OK, so it is an alignment issue (with -mtune=barcelona):
.L6:
movups 0(%rbp,%rax), %xmm0
movups (%rbx,%rax), %xmm1
incl %ecx
addps %xmm1, %xmm0
movaps %xmm0, (%r8,%rax)
addq $16, %rax
cmpl %r10d, %ecx
jb .L6
Once this problem is solved (well, determined how it could be solved),
we go on to the next, the extraneous induction variable %ecx.

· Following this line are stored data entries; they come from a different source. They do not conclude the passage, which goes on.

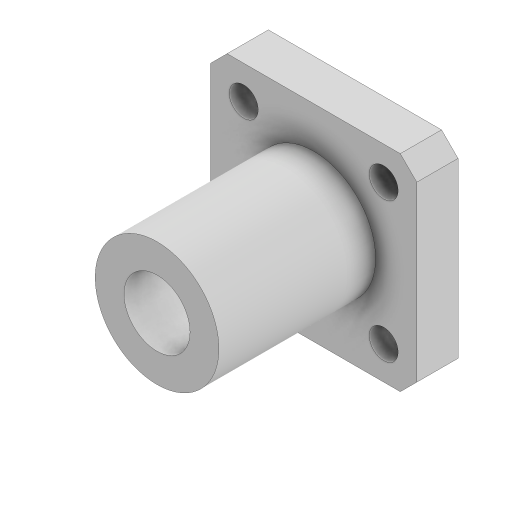
# Autodesk Inventor part: RODAMIENTO LINEAL
Saved by Autodesk Inventor 2024 (Build 280153000, 153)
## iProperties
Created: 2024-06-26
Part Number: RODAMIENTO LINEAL
Material: Generic
Document SubType Name: Modeling
Designer: Jhuliams
Density: 1 g/cm^3
Appearance: Default
Author: Jhuliams
Autodesk Inventor part; units mm, degrees
ref_plane "YZ Plane" through (0, 0, 0) normal (1, 0, 0) x (0, 1, 0)
ref_plane "XZ Plane" through (0, 0, 0) normal (0, 1, 0) x (-1, 0, 0)
ref_plane "XY Plane" through (0, 0, 0) normal (0, 0, 1) x (1, 0, 0)
sketch "Sketch1" plane through (0, 0, 0) normal (0, 0, 1) x (1, 0, 0)
  line L0 (-12.5, 12.5) -> (12.5, 12.5)
  line L1 (12.5, 12.5) -> (12.5, -12.5)
  line L2 (12.5, -12.5) -> (-12.5, -12.5)
  line L3 (-12.5, -12.5) -> (-12.5, 12.5)
  line L4 (-12.5, 12.5) -> (12.5, -12.5) construction
  line L5 (12.5, 12.5) -> (-12.5, -12.5) construction
  point P0 (0, 0)
  dimension "d0" = 25
  dimension "d1" = 25
  constraints: 12 end point, 2 midpoint, 2 parallel, 1 horizontal, 1 perpendicular
  measures "d0" distance of L1.end L2.end
  measures "d1" distance of L0.end L1.end
extrude "Extrusion1" add sketch "Sketch1" along normal blind 5
sketch "Sketch2" plane through (0, 0, 5) normal (0, 0, 1) x (1, 0, 0)
  circle A0 centre (0, 0) radius 7.5
  dimension "d4" = 15
  constraints: 1 centre point, 1 coincident
  measures "d4" diameter of A0
extrude "Extrusion2" add sketch "Sketch2" along normal blind 19
sketch "Sketch3" plane through (0, 0, 24) normal (0, 0, 1) x (1, 0, 0)
  circle A0 centre (0, 0) radius 4
  dimension "d7" = 8
  constraints: 1 centre point, 1 coincident
  measures "d7" diameter of A0
extrude "Extrusion3" cut sketch "Sketch3" against normal blind 30
sketch "Sketch4" plane through (0, 0, 0) normal (0, 0, -1) x (-1, 0, 0)
  circle A0 centre (0, 0) radius 12
  line L0 (-12.5, -12.5) -> (-12.5, 12.5) projected
  line L1 (12.5, 12.5) -> (12.5, -12.5) projected
  line L2 (-12.5, 12.5) -> (8.4853, -8.4853)
  circle A1 centre (8.4853, -8.4853) radius 1.75
  circle A2 centre (8.4853, 8.4853) radius 1.75
  circle A3 centre (-8.4853, 8.4853) radius 1.75
  circle A4 centre (-8.4853, -8.4853) radius 1.75
  dimension "d10" = 24
  dimension "d11" = 3.5
  dimension "d14" = 360
  constraints: 4 centre point, 2 coincident, 2 end point, 12 other
  measures "d11" diameter of A1
extrude "Extrusion4" cut sketch "Sketch4" against normal blind 30 contours A2 A0 | A0 A2 | A1 A0 | A0 L2 A1 | A0 A1 L2 | A3 L2 A0 | A0 L2 A3 | A3 A0 L2 | A0 A3 L2 | A4 A0 | A0 A4
chamfer "Chamfer1" distance 2 angle 45 4 edges at (12.5, 12.5, 2.5) (-12.5, 12.5, 2.5) (-12.5, -12.5, 2.5) (12.5, -12.5, 2.5)
body "Solid1"

There are two ways to deal with it:
1. Eliminate it with respect to the other induction variable that
counts in the same direction (upwards, with steps 16) and remember
that induction variable's (%rax) limit.
or:
2. Count %ecx down from %r10d to zero (which eliminates %r10d as a loop
carried register).
g77 avoided this by coding counted do loops with a separate loop counter
counting down to zero - not so with gfortran (quoting):
/* Translate the simple DO construct. This is where the loop variable
has integer type and step +-1. We can't use this in the general case
because integer overflow and floating point errors could give
incorrect results.
We translate a do loop from:
DO dovar = from, to, step
body
END DO
to:
[Evaluate loop bounds and step]
dovar = from;
if ((step > 0) ? (dovar <= to) : (dovar => to))
{
for (;;)
{
body;
cycle_label:
cond = (dovar == to);
dovar += step;
if (cond) goto end_label;
}
}
end_label:
This helps the optimizers by avoiding the extra induction variable
used in the general case. */
So either we teach the Fortran front end this trick, or we teach the
loop optimization the trick of flipping the sense of a (n otherwise
unused) induction variable ....
This would have paid off more frequently in i386 mode, where there is a
possibility of integer register pressure in loops small enough for such
an optimization to succeed.
This seems to be among the types of optimizations envisioned for
run-time binary interpretation systems.